=== WORK REQUEST ===
Produce a copy of every line in the records that holds the string "mechanical".

Records contained in a dataset

··········

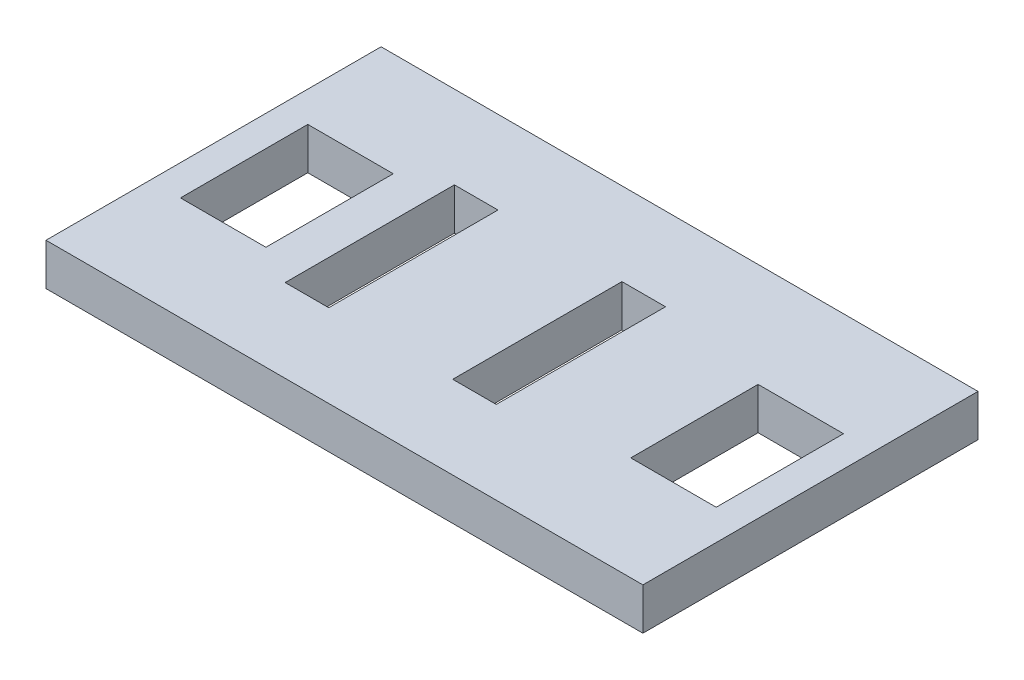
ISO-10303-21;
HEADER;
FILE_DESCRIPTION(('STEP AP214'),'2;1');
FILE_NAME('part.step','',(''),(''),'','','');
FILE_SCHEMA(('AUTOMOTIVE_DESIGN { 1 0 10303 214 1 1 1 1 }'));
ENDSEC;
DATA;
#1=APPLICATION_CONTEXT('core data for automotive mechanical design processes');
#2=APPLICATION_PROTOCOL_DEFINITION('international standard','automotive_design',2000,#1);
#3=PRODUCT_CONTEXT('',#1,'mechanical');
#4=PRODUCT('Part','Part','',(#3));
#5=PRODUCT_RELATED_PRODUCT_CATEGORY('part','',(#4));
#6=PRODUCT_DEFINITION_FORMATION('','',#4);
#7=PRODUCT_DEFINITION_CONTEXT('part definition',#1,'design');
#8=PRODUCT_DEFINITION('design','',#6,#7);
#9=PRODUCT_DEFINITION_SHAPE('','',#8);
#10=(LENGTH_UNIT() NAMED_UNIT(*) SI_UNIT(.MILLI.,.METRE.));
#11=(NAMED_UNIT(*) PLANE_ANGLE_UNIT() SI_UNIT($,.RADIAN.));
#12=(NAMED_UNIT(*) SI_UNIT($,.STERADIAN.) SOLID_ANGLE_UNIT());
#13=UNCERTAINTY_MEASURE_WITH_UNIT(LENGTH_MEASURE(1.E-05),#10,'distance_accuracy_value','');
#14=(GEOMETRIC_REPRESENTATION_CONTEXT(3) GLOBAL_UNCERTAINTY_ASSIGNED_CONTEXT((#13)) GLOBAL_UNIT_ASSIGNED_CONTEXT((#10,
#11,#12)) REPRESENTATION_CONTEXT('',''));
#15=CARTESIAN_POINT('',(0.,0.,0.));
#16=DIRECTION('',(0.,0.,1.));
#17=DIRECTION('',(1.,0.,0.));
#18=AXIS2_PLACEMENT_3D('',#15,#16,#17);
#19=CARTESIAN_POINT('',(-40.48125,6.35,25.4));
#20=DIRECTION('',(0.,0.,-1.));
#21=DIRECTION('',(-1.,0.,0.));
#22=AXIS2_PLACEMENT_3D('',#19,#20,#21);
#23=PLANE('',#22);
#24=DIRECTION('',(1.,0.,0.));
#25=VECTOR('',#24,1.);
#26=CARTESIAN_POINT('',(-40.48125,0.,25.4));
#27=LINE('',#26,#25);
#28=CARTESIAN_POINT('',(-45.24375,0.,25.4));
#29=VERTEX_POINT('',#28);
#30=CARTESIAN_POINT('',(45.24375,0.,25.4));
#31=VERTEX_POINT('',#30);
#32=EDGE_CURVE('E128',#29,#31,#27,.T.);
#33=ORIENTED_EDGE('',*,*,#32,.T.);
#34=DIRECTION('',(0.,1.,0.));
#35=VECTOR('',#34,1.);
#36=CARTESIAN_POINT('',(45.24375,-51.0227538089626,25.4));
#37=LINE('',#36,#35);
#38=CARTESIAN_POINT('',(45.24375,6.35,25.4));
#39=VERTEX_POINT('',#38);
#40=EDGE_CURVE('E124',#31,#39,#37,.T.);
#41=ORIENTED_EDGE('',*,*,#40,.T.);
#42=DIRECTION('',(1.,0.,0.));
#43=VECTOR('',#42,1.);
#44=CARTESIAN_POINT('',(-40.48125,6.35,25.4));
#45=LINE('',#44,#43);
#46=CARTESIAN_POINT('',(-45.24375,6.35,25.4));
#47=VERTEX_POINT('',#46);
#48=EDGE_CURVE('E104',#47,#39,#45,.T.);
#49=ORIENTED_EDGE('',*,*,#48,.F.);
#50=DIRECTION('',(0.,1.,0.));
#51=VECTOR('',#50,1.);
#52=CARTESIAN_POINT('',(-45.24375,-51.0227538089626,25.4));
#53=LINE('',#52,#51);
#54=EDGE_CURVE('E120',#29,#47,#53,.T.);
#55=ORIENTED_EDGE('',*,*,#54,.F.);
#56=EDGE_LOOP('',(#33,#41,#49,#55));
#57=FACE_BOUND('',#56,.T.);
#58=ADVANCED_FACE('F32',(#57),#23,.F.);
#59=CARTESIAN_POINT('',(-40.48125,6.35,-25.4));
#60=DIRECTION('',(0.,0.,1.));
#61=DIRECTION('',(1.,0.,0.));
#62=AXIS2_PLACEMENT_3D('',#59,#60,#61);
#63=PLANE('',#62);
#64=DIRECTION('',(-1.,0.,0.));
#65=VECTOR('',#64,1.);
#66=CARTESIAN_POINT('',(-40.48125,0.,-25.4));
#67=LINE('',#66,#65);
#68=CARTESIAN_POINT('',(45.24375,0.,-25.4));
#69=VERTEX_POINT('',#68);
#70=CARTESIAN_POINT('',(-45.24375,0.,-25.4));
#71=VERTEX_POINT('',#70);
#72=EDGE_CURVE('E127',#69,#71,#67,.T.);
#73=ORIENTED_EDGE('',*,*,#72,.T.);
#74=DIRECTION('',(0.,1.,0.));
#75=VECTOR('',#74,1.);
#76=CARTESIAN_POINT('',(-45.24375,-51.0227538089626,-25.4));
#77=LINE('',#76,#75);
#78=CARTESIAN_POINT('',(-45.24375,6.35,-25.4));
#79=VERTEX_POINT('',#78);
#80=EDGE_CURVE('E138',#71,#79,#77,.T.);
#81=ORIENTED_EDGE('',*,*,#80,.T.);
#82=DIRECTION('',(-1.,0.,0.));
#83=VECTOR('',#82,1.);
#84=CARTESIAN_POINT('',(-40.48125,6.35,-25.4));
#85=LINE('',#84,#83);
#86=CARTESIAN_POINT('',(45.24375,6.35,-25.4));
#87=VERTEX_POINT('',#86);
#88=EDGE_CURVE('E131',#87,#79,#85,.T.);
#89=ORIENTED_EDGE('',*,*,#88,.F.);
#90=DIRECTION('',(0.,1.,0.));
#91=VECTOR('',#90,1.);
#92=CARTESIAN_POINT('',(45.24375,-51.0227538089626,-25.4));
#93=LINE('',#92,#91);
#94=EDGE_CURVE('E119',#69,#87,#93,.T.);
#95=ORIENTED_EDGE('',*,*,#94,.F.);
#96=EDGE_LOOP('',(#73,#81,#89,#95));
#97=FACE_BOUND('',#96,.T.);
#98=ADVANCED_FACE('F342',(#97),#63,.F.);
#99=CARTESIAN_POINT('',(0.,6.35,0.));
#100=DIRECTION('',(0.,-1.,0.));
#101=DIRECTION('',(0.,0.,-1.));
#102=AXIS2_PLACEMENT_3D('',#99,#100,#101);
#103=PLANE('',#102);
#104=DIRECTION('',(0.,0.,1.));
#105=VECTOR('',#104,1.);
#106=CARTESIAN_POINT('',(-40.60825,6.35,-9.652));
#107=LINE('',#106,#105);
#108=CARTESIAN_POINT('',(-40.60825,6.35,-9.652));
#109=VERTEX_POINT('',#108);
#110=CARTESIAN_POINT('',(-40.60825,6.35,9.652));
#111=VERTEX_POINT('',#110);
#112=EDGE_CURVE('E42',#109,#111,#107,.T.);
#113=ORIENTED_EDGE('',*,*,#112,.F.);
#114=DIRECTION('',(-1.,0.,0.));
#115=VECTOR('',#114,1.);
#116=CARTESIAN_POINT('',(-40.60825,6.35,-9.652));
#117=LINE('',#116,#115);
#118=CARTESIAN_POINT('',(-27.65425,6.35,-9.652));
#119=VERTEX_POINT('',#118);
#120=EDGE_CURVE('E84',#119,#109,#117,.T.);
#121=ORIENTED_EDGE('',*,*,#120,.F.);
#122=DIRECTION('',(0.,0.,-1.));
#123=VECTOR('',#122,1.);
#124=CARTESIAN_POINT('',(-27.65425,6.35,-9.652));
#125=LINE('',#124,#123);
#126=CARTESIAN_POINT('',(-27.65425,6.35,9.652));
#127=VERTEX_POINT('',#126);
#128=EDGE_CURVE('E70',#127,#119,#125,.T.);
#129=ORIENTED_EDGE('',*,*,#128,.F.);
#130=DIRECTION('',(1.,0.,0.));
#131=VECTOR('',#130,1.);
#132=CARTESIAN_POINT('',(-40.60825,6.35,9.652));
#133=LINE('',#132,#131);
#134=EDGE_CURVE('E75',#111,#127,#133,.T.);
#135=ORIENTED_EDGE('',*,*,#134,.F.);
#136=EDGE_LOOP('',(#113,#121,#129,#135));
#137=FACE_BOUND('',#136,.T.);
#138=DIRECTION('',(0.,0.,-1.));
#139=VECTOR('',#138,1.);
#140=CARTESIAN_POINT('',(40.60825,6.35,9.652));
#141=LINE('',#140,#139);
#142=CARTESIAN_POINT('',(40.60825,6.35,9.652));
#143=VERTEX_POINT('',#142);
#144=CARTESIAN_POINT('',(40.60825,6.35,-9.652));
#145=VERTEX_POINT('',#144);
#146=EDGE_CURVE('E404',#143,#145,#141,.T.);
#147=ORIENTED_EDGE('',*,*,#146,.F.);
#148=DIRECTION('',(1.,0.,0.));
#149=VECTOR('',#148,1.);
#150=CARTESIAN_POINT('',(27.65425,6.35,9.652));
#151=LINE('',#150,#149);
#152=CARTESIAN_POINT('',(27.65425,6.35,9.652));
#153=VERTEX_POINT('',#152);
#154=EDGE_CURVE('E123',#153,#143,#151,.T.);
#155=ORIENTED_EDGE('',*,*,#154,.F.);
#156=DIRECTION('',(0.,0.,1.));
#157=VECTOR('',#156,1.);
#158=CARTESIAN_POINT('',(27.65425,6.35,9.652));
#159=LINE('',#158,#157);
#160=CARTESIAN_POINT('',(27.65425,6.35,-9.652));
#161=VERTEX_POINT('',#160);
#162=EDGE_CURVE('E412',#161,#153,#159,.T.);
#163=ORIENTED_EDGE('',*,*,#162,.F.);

··········

=== RESULT BELOW ===
#1=APPLICATION_CONTEXT('core data for automotive mechanical design processes');
#3=PRODUCT_CONTEXT('',#1,'mechanical');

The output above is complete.